Leveling the Hunting Field

Lizanne Thomas is partner at Jones Day. This post is based on a Jones Day memorandum by Ms. Thomas. Related research from the Program on Corporate Governance includes Pre-Disclosure Accumulations by Activist Investors: Evidence and Policy by Lucian Bebchuk, Alon Brav, Robert J. Jackson Jr., and Wei Jiang, and The Law and Economics of Blockholder Disclosure by Lucian Bebchuk and Robert J. Jackson Jr. (discussed on the Forum here).

Like any predator, a wolf must carefully time its strike when pursuing prey. Certain species of shareholder activists operate under a similar imperative. Flawed disclosure rules in the United States give them an unfair advantage.

A few years ago, hedge fund Pershing Square—which popped up on Oct. 9 with a 1.1 percent stake in coffee company Starbucks—went after retailer J.C. Penney. Along with its ally Vornado Realty, Pershing accumulated 11.6 million shares in August 2010, putting the fund just below a 5 percent effective ownership stake. That is the threshold that requires mandatory reporting to the Securities and Exchange Commission. Once crossed, the buyer must publicly disclose its stake within a leisurely 10-day window.

The fund run by Bill Ackman used that window of darkness to amass more shares. Pershing and Vornado then stunned the retail world by announcing that they had jointly accumulated more than 26 percent of the department-store chain. They secured seats on the company’s board and subsequently forced out Penney’s chief executive.

The problem was that the insurgents had no elixir to cure the company’s ills. After an initial spike in the stock’s price, shares plummeted nearly 60 percent before the activist gave up in 2013. The chain has posted positive earnings in only two quarters during the past four years. And its tribulations largely date back to the tenure of Chief Executive Ron Johnson, who Ackman strongly backed for the job.

Penney’s ongoing decline shows that the problem with activist shareholders arrives not when the wolf is at the door, but when the wolf is in the window.
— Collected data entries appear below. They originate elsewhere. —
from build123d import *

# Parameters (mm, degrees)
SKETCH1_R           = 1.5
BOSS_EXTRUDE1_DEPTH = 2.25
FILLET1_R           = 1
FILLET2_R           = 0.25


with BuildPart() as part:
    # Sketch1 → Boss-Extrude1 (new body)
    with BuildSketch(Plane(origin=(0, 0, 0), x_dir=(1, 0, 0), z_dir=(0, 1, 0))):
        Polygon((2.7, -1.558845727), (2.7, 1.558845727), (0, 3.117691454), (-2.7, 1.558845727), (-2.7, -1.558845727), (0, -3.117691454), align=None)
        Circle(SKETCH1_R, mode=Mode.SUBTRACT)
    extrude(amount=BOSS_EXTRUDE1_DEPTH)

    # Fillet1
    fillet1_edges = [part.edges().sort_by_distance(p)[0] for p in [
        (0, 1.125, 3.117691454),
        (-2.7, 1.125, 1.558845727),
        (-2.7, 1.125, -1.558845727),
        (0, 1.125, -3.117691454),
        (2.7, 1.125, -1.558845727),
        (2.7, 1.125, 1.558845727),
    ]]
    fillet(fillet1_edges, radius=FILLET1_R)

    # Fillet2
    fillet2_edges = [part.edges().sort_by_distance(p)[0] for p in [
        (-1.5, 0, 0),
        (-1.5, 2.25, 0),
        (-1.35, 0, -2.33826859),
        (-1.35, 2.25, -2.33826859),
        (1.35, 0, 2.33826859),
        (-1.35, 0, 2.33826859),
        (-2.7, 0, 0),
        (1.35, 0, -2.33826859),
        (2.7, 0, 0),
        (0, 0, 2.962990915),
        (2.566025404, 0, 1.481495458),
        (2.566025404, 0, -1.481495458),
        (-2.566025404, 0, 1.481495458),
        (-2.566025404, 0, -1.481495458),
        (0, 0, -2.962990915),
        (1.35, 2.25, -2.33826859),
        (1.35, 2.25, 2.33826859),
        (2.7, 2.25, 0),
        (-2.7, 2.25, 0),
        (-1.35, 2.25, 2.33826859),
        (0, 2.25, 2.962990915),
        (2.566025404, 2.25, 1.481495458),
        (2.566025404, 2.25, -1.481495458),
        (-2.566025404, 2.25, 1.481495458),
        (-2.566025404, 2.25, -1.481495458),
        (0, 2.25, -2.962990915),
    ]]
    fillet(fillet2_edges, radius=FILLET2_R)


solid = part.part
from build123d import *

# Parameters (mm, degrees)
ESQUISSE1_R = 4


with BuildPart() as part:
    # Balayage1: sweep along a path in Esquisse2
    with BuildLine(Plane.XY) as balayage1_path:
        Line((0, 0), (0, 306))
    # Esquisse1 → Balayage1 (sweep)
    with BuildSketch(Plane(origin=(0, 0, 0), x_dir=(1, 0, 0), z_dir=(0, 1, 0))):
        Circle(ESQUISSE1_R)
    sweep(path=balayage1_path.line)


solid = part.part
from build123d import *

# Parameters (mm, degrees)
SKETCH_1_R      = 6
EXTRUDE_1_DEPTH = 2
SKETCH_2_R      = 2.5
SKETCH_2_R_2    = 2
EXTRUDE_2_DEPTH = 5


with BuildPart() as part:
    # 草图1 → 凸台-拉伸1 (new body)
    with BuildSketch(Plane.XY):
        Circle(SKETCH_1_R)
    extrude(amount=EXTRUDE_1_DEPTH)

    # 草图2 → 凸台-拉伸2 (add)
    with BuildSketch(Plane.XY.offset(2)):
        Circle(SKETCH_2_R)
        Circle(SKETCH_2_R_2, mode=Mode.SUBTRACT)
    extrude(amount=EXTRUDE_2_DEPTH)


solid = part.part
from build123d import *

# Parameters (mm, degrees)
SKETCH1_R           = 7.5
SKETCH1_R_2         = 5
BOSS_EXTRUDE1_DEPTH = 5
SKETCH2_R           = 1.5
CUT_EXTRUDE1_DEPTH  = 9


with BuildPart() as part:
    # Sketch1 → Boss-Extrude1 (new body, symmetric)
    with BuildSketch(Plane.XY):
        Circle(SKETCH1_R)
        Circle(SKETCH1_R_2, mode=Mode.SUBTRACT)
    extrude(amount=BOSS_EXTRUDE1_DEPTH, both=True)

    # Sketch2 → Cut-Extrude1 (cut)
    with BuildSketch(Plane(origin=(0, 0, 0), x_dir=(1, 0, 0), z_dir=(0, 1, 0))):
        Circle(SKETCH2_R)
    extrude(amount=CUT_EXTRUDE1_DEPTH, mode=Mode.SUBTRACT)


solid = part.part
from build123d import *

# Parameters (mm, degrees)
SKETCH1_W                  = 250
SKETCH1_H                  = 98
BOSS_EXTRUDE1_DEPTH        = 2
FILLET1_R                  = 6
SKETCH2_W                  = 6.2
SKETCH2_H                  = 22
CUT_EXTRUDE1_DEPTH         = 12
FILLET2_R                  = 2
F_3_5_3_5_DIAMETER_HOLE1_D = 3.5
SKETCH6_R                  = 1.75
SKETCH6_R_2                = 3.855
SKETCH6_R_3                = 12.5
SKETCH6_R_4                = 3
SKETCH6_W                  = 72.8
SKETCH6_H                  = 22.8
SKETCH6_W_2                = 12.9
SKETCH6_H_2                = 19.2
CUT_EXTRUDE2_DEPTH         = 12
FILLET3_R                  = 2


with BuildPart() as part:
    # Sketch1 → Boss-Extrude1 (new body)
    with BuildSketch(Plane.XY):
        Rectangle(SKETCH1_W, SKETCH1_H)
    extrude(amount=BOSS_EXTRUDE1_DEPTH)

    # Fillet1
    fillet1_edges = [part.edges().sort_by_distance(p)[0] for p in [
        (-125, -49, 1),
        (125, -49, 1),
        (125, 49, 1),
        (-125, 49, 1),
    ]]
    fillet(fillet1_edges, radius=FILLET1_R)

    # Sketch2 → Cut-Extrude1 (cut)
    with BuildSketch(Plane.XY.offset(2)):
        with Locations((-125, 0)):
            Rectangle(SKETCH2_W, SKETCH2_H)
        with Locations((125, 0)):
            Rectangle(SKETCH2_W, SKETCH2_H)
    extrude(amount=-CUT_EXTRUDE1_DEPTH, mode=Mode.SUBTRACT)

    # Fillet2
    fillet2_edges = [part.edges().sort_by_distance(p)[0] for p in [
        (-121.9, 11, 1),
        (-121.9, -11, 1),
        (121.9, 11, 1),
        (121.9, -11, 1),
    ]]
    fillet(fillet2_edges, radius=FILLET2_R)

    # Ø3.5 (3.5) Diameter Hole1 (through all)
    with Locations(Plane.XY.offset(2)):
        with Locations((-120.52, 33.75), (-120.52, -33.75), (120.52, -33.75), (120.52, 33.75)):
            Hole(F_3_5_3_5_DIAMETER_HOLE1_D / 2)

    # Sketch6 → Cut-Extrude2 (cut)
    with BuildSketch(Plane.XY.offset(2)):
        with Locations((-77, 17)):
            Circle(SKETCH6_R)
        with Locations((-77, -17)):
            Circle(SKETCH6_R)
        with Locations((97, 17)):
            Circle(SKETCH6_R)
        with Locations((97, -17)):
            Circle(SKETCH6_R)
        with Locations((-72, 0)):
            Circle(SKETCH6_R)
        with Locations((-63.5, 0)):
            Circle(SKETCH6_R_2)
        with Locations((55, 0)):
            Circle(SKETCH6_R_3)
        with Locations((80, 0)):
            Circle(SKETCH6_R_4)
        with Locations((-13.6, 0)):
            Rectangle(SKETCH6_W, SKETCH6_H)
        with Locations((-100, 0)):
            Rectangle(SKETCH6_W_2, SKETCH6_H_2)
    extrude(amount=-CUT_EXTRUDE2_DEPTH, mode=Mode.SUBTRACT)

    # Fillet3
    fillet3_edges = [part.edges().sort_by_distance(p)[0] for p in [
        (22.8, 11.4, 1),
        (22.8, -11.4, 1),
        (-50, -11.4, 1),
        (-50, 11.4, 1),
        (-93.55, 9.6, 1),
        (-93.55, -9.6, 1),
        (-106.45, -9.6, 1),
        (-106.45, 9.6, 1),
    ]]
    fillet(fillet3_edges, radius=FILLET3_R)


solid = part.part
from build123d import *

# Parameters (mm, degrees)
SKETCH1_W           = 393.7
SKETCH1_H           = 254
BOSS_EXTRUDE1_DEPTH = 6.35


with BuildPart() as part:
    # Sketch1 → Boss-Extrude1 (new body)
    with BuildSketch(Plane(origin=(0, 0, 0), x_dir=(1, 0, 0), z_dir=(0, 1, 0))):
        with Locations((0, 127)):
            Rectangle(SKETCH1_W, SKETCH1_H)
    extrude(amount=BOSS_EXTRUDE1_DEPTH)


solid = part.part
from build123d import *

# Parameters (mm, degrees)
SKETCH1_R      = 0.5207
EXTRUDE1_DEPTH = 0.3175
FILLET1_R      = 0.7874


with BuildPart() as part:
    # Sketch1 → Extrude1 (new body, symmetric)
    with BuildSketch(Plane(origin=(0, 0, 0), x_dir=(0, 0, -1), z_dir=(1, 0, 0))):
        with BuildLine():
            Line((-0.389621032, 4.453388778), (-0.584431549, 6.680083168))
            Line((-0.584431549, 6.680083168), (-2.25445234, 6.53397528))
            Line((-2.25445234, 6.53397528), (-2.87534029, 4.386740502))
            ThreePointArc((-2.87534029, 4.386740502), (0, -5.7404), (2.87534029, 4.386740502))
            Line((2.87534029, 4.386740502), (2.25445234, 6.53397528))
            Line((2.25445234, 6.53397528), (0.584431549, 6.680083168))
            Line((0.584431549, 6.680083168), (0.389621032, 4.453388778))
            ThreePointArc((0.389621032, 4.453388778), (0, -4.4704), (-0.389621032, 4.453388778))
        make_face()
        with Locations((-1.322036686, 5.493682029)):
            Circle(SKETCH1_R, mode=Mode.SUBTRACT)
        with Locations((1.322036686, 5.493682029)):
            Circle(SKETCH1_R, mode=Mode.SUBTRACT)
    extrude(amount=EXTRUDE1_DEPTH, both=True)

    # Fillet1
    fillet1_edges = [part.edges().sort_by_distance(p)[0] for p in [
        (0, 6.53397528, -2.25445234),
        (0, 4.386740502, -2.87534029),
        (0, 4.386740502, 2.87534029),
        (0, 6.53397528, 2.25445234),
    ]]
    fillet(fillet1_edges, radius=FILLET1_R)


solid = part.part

The 10-day reporting lag time, which exists under a provision called Schedule 13D, is an anachronism dating from the pre-internet world of banker’s boxes and snail mail. Activists often use those 10 days to accumulate greater ownership. Others skirt the filing entirely, with one estimate pegging deadline violators at roughly 10 percent, according to the Journal of Corporation Law. As with Pershing and Penney, the activists’ short-term gains often augur no benefit to any stakeholders other than themselves.

When the window is open, the lead activist—let’s call them the alpha wolf—not only accumulates a formidable stake, but often tips off other funds, effectively amassing a wolf pack. Together, they purchase shares to engineer opportunistic and often unsustainable stock-price increases. Sotheby’s suffered from a parallel maneuver in 2013. Botox maker Allergan was similarly targeted in 2014. The list goes on.

Under this outdated regulation, some activism has wreaked havoc on responsible corporations. Gaining such leverage over management might be perfectly legal, but the outsiders’ plans can prove misguided. For activists abetted by the hidden 10-day window, the profit opportunity is nearly riskless. But it is rarely victimless. And the systemic opacity allows activists to benefit in a way that ordinary stockholders cannot.

Equally worrisome, companies sometimes respond by buying back shares, raising dividends, or slashing research and development. Those might constitute sensible reallocations of capital under certain circumstances, but such decisions should be driven by an enterprise’s strategic vision, not its reaction to financial legerdemain.

By contrast, the SEC requires companies to file disclosures within four business days of a “material” event occurring—and within one day under some circumstances. What’s more, U.S. corporations have largely accepted and taken to heart their duties to inform the marketplace in a timely way. It is only reasonable that those who wish to influence control over them should be required to meet similar standards.

Other countries maintain fairer reporting regimes. The United Kingdom grants no such 10-day license, requiring relevant reporting within two trading days once a shareholder has crossed a 3 percent effective ownership threshold. The same holds true for the European Union generally. In Australia and Hong Kong, the windows last from two to four days. All of these updated strictures give the accumulators much less time to build strength for a midnight raid.

Despite its flaws, the Dodd-Frank Wall Street Reform and Consumer Protection Act of 2010 wisely gave the SEC the explicit authority to fix the 13D loophole. Alas, in a classic example of agency capture, histrionic fund activists and a cadre of academics persuaded regulators to leave the asymmetry unchecked.

A legislative solution that has received bipartisan support is the Brokaw Act. Among the bill’s many sensible proposals is one that would shorten the 10-day window to two days. After all, sophisticated investors today can report ownership stakes with little more than a keystroke.

To be clear, not all shareholder activism is unwarranted. Its practitioners and defenders can legitimately claim that outsiders often perceive imbalances or scleroses that “entrenched” executives do not. But those who seek to influence or control public companies should be required, at a minimum, to meet the timing and transparency requirements imposed on their targets. The current state of opacity merely invites shenanigans.